第311話 小競り合いのはずですが何か?

 リューが引き連れて駆け付けた二百名は、ランスキー達先陣隊と入れ替わる形になった。


 今は彼らには休養が必要だろう、という配慮であった。


 二百の内、半数は情報収集の為に南部に散らばる。


 残り半分はランドマーク家の領兵が化けた農民と一緒に同じく農民を装うのだが、変装してすぐ、領境で隣接する農村の農民達が侵入して来た。


 手には鍬や鎌、棒切れと一見すると農民の装いではあるが、動きが組織されているのがはっきりわかる。


 そして、何より数が多い。


 領境の村と聞けば、その人口は百人を下回る程度を想像するところなのだが、組織だった者が三百人近くもいる。


 あくまで村同士の小競り合いという事だろうが、この数で日中襲撃してくるのは、異常事態だ。


 もちろん、相手もこちらが本当の農民は避難させて自領の領兵で固めているのはわかりきっている。


 それでも表向きは、お互い村同士の小さい争いであり、領兵の介入は避けているという姿勢であった。


領兵が表立って参加すると、その瞬間、ただの揉め事で処理できなくなるからであった。


「早速来たね。今日は何度目?」


 農民の格好をした村長役であるランドマーク家の領兵にリューは確認した。


「今日は夜明け前に一度襲撃されたので、これで二度目です」


「じゃあ、早速、反撃するよみんな!」


 リューはみんなの先陣を切って、百人余りの農民の姿をした精鋭を引き連れて迎え撃つ。


「ついに奴ら、先陣に子供を出してきたぞ!ここまでしぶとかったが、ついに限界に来たようだ。この機を逃すな、徹底的に叩いて村も破壊してしまえ!」


 敵は子供のリューが先頭なのを人手不足と判断した様だ。


 農民の格好をした南部派閥貴族連合による精鋭部隊は、容赦なくリュー達に襲い掛かった。


 ドスッ


 リュー達に襲い掛かった敵の先陣を切っていた大男の腹部から鈍い音がなったと思った瞬間には、その男は精鋭部隊の農民達の中を巻き込む様に吹き飛んで行った。

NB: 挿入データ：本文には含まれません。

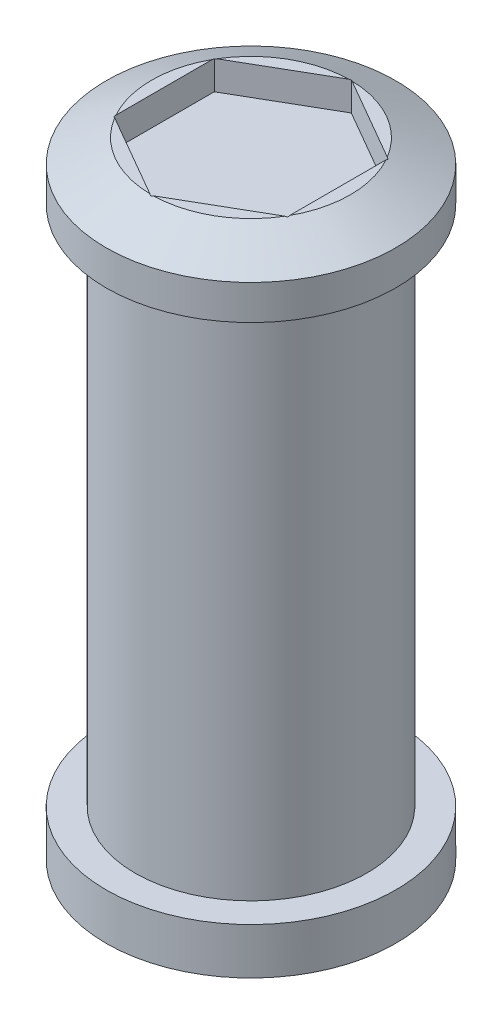
SolidWorks part; units mm, degrees
material "1060 Alloy"
ref_plane "Front Plane" through (0, 0, 0) normal (0, 0, 1) x (1, 0, 0)
ref_plane "Top Plane" through (0, 0, 0) normal (0, 1, 0) x (1, 0, 0)
ref_plane "Right Plane" through (0, 0, 0) normal (1, 0, 0) x (0, 0, -1)
sketch "Sketch1" plane through (0, 0, 0) normal (0, 1, 0) x (1, 0, 0)
  circle A0 centre (0, 0) radius 50.8
  dimension "D1" = 101.6
extrude "Boss-Extrude1" add sketch "Sketch1" along normal blind 228.6
sketch "Sketch2" plane through (0, 228.6, 0) normal (0, 1, 0) x (1, 0, 0)
  circle A0 centre (0, 0) radius 63.5
  dimension "D1" = 127
extrude "Boss-Extrude2" add sketch "Sketch2" along normal blind 25.4
sketch "Sketch3" plane through (0, 0, 0) normal (0, -1, 0) x (1, 0, 0)
  circle A0 centre (0, 0) radius 63.5
extrude "Boss-Extrude3" add sketch "Sketch3" along normal blind 25.4
sketch "Sketch4" plane through (0, 254, 0) normal (0, 1, 0) x (1, 0, 0)
  line L1 (0, 43.9941) -> (-38.1, 21.997)
  line L2 (-38.1, 21.997) -> (-38.1, -21.997)
  line L3 (-38.1, -21.997) -> (0, -43.9941)
  line L4 (0, -43.9941) -> (38.1, -21.997)
  line L5 (38.1, -21.997) -> (38.1, 21.997)
  line L6 (38.1, 21.997) -> (0, 43.9941)
  circle A0 centre (0, 0) radius 38.1 construction
  dimension "D1" = 76.2
extrude "Cut-Extrude2" cut sketch "Sketch4" against normal blind 12.7
chamfer "Chamfer2" distance 10.16 angle 63 1 edges at (0, 254, 63.5) first distance on face at (0, 254, 63.5)
sketch "Sketch5" plane through (0, -25.4, 0) normal (0, -1, 0) x (1, 0, 0)
  line L1 (0, 43.9941) -> (-38.1, 21.997)
  line L2 (-38.1, 21.997) -> (-38.1, -21.997)
  line L3 (-38.1, -21.997) -> (0, -43.9941)
  line L4 (0, -43.9941) -> (38.1, -21.997)
  line L5 (38.1, -21.997) -> (38.1, 21.997)
  line L6 (38.1, 21.997) -> (0, 43.9941)
  circle A0 centre (0, 0) radius 38.1
  dimension "D1" = 76.2
extrude "Cut-Extrude5" cut sketch "Sketch5" against normal blind 12.7 contours A0 | A0 L6 L1 | A0 L5 L6 | A0 L1 L2 | A0 L2 L3 | A0 L4 L5 | A0 L3 L4 region at (0, -25.4, 39.3788) region at (-34.103, -25.4, 19.6894) region at (0, -25.4, 0) region at (34.103, -25.4, 19.6894) region at (-34.103, -25.4, -19.6894) region at (34.103, -25.4, -19.6894) region at (0, -25.4, -39.3788)
chamfer "Chamfer3" distance 5.08 angle 74 1 edges at (0, -25.4, -63.5) first distance on face at (0, -25.4, -63.5)
sketch "Sketch6" plane through (0, -12.7, 0) normal (0, -1, 0) x (1, 0, 0)
  circle A0 centre (0, 0) radius 31.75
  dimension "D1" = 63.5
extrude "Boss-Extrude6" add sketch "Sketch6" along normal blind 12.7

 敵の精鋭部隊は予想だにしない想像をはるかに超える光景にその足が止まり、先陣を切っていたはずの大男がいた場所を確認した。


 そこにはやはり、一人の子供がいる。


吹き飛ばしたのは間違いようもなく、目の前の子供の様であった。


「ど、どういう事だ!?」


「待て待て……。相手は子供だ。何かの間違いだ……。そうだお前達、子供だからと言って手加減している場合じゃないぞ!チャンスなんだぞ戦え!」


 指揮官と思われる農民姿の男はそう告げると味方をけしかける。


「「「お、おう!」」」


 そう答えた瞬間であった。


 体のシルエットから女性と判るほっかぶりをした農民の一人が、棒切れで一度に先頭集団の精鋭部隊を数人突いて吹き飛ばした。


 先程と同じ様に、吹き飛ばされた先にいた精鋭部隊の者が巻き込まれて、気を失う。


 そこに、今度は色香漂うシルエットの農民とは思えない女性が同じく棒切れで精鋭部隊を数人なぎ倒した。


 この二人は、リーンとルチーナであった。


「つ、強いぞ!?朝までいたでかい男と変わらないくらいの腕利きが、三人もいる!みんな警戒しろ!取り囲んで消耗を計るんだ!」


 どうやら、でかい男とはランスキーの事であろう。


 強敵相手の戦い方も心得ている様だ。


 だが、その中でも先陣を切ったリューの戦い方は群を抜いていた。


 囲む暇も与えず、次々に敵の村民の格好をした精鋭部隊を、リューは次々に吹き飛ばしていく。


 どうやら本気の様だ。手加減する気が全く無いらしい。


 もしかしたら、怒っているのかもしれない。


「うちの大将はこんなにヤバい奴だったんだね……」


 戦闘のプロを自負していた新幹部ルチーナでさえも、先陣で戦うリューの暴れっぷりに圧倒される。


「私も、ここまでのリューを見るのは初めてかも……。多分、実家の領地を荒らされて相当怒っているみたいね」


 リーンが背中を合わせて戦うルチーナに答える。


「どちらにしても、この勢いなら今日は奴らの命日さね」


 ルチーナは、ニヤリと笑うとリューとリーンの足を引っ張らない様に他の部下達と共に気合を入れ直し、本気で立ち回る事にするのであった。